First, we would consider the title of our article to be accurate, as it simply refers to mediation of schizotypy and handedness by the LRRTM1 gene, and does not, as the comment indicates, make any statements about SNPs in relation to handedness. We consider epigenetic phenomena, such as the methylation that we measured for LRRTM1, to be important mediators of a gene's functional effects. For example, Brucato et al. (2014) have recently linked methylation of LRRTM1 with risk of schizophrenia.

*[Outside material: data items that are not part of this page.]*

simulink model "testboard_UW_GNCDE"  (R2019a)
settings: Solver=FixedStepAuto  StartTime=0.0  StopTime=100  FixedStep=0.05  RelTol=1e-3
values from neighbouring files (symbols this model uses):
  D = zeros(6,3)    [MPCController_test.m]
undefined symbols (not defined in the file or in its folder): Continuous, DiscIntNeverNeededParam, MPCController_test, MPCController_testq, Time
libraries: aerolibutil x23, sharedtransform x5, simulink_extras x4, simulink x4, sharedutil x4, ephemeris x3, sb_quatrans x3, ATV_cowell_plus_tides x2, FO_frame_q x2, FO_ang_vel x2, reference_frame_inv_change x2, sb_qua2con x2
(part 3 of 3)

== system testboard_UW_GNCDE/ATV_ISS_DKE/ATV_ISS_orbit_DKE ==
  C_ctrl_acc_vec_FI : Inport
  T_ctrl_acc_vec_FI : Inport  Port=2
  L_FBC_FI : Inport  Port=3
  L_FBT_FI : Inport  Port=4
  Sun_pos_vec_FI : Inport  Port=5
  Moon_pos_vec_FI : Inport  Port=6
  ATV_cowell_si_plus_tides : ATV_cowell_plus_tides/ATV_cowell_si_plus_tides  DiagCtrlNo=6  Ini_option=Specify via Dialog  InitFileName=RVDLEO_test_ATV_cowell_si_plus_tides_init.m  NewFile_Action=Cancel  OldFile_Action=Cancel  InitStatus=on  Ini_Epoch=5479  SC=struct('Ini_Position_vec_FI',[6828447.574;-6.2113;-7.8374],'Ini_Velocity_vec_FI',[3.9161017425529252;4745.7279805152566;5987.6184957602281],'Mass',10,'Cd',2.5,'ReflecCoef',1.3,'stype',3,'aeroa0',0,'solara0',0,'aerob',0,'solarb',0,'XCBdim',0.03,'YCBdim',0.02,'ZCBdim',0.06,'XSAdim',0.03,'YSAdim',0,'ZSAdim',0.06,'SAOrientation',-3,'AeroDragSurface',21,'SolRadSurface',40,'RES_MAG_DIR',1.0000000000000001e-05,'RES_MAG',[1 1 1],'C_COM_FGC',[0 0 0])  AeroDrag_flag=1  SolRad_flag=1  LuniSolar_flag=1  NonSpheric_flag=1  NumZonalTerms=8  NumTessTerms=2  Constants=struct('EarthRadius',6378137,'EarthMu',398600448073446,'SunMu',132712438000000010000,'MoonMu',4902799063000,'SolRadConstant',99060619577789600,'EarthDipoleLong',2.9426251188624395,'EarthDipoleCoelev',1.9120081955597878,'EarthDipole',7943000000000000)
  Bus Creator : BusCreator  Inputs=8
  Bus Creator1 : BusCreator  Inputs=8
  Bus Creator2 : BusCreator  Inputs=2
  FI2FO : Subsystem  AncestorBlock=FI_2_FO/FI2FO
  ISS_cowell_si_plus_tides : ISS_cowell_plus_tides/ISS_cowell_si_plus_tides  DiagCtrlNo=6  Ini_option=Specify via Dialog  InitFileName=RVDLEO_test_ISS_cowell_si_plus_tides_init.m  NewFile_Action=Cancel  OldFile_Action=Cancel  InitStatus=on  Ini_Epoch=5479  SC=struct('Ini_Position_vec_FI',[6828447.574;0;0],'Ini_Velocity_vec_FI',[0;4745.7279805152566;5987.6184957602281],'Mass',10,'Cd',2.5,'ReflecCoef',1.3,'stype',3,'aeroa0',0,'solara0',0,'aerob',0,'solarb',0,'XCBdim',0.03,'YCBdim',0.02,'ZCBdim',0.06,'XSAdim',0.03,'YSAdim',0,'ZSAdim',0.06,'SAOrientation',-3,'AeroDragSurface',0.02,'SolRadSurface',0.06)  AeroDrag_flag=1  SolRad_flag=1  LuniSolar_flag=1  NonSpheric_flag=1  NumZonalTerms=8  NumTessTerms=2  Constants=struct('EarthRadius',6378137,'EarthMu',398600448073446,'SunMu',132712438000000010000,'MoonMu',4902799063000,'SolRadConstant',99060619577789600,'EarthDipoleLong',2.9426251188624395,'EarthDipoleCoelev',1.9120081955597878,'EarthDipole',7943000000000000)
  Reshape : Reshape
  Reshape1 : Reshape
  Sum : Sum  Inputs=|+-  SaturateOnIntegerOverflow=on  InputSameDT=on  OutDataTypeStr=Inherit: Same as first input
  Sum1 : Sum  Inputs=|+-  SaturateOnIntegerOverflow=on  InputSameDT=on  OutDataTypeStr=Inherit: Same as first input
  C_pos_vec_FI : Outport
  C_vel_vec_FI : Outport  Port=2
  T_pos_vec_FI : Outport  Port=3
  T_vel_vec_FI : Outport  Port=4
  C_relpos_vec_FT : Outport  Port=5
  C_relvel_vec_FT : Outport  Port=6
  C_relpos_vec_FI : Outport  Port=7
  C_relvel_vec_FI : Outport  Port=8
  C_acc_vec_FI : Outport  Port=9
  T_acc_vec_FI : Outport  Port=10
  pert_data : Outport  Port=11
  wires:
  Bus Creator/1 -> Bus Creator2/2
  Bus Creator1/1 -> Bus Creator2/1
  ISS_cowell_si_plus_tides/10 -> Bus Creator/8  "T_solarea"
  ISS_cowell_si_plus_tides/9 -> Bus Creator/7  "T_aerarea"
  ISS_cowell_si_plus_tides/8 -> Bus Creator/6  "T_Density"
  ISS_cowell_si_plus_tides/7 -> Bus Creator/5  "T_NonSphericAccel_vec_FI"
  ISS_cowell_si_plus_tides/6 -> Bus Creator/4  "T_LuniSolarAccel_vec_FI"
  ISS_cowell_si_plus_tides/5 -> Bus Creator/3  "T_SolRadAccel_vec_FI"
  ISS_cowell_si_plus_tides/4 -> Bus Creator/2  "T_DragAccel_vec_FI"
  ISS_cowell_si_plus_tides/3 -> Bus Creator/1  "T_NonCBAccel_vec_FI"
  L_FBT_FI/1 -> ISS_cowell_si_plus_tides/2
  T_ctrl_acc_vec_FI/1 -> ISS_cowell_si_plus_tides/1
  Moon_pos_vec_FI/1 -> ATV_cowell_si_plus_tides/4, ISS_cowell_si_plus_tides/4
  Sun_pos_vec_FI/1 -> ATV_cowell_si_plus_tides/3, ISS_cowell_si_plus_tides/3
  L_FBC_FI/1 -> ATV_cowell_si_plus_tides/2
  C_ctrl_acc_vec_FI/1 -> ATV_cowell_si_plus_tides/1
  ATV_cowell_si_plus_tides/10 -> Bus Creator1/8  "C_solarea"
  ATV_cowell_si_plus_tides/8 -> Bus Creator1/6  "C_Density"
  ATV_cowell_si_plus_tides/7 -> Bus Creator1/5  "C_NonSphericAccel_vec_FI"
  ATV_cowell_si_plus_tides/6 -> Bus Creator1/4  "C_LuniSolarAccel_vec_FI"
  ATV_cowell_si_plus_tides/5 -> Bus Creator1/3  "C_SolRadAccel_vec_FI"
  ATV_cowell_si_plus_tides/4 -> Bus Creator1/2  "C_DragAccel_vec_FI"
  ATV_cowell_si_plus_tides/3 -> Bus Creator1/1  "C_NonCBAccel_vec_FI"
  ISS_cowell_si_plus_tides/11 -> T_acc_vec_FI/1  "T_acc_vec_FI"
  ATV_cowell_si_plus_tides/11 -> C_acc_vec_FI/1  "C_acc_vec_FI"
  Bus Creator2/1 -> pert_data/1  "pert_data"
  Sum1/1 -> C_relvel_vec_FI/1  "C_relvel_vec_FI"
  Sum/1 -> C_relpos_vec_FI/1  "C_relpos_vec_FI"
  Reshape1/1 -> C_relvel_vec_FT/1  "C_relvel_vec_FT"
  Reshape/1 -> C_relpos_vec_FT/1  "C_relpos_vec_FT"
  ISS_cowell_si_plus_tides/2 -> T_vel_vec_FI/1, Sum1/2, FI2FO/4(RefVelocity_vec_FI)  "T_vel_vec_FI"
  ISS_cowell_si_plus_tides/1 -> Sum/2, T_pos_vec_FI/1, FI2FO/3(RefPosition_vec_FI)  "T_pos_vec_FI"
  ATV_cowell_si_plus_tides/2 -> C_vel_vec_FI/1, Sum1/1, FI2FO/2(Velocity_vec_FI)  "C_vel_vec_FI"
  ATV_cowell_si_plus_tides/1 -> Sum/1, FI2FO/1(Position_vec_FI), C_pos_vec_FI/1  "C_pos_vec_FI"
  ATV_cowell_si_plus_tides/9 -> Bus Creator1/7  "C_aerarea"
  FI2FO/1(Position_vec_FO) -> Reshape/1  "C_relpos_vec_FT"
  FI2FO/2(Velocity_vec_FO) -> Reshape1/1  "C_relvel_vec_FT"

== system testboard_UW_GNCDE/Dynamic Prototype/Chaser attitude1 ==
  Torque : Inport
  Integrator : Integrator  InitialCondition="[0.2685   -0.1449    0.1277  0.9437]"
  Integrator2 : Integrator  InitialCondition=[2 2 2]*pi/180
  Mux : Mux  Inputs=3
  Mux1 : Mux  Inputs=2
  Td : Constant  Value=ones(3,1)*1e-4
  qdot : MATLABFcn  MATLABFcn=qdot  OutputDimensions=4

Second, we used a measure of strength of handedness, which is compatible with Francks et al. (2007) only in being a continuous measure. We apologize in that we could have worded the relevant sentence more precisely. We did not use a specific measure that, like that of Francks et al. (2007), may confound handedness direction with handedness strength, because these two variables, direction and strength, appear to exhibit independent genetic underpinnings (e. g., Ocklenberg et al. 2014). Moreover, schizophrenia and schizotypy show associations predominantly with handedness strength, not direction, from previous work (e. g., Chapman et al. 2011).

Third, we found a significant association at P = 0.026 (r = -0.375, product-moment correlation) for an association of PC1 (a composite methylation score) with handedness for our full sample, based on our predictions. We also provided the results for males and females separately, because of extensive evidence of gender differences for cognitive and psychiatric phenotypes such as those analyzed here. Considered separately, only the results for females were statistically significant (at r = -0.469, P = 0.032). Higher statistical significance would always be more compelling, of course.

We welcome insightful comments and constructive criticism, and we hope that our results regarding LRRTM1 will motivate further research into the effects of genetic and epigenetic variation in this fascinating gene.

References

Brucato N, DeLisi LE, Fisher SE, Francks C. Hypomethylation of the paternally inherited LRRTM1 promoter linked to schizophrenia. Am J Med Genet B Neuropsychiatr Genet. 2014 Oct;165B(7):555-63.

Chapman HL, Grimshaw GM, Nicholls ME. Going beyond students: an association between mixed-hand preference and schizotypy subscales in a general population. Psychiatry Res. 2011 May 15;187(1-2):89-93.

Francks C, Maegawa S, Laurén J, … Monaco AP. LRRTM1 on chromosome 2p12 is a maternally suppressed gene that is associated paternally with handedness and schizophrenia. Mol Psychiatry. 2007 Dec;12(12):1129-39, 1057.

Ocklenburg S, Beste C, Arning L. Handedness genetics: considering the phenotype. Front Psychol. 2014 Nov 11;5:1300.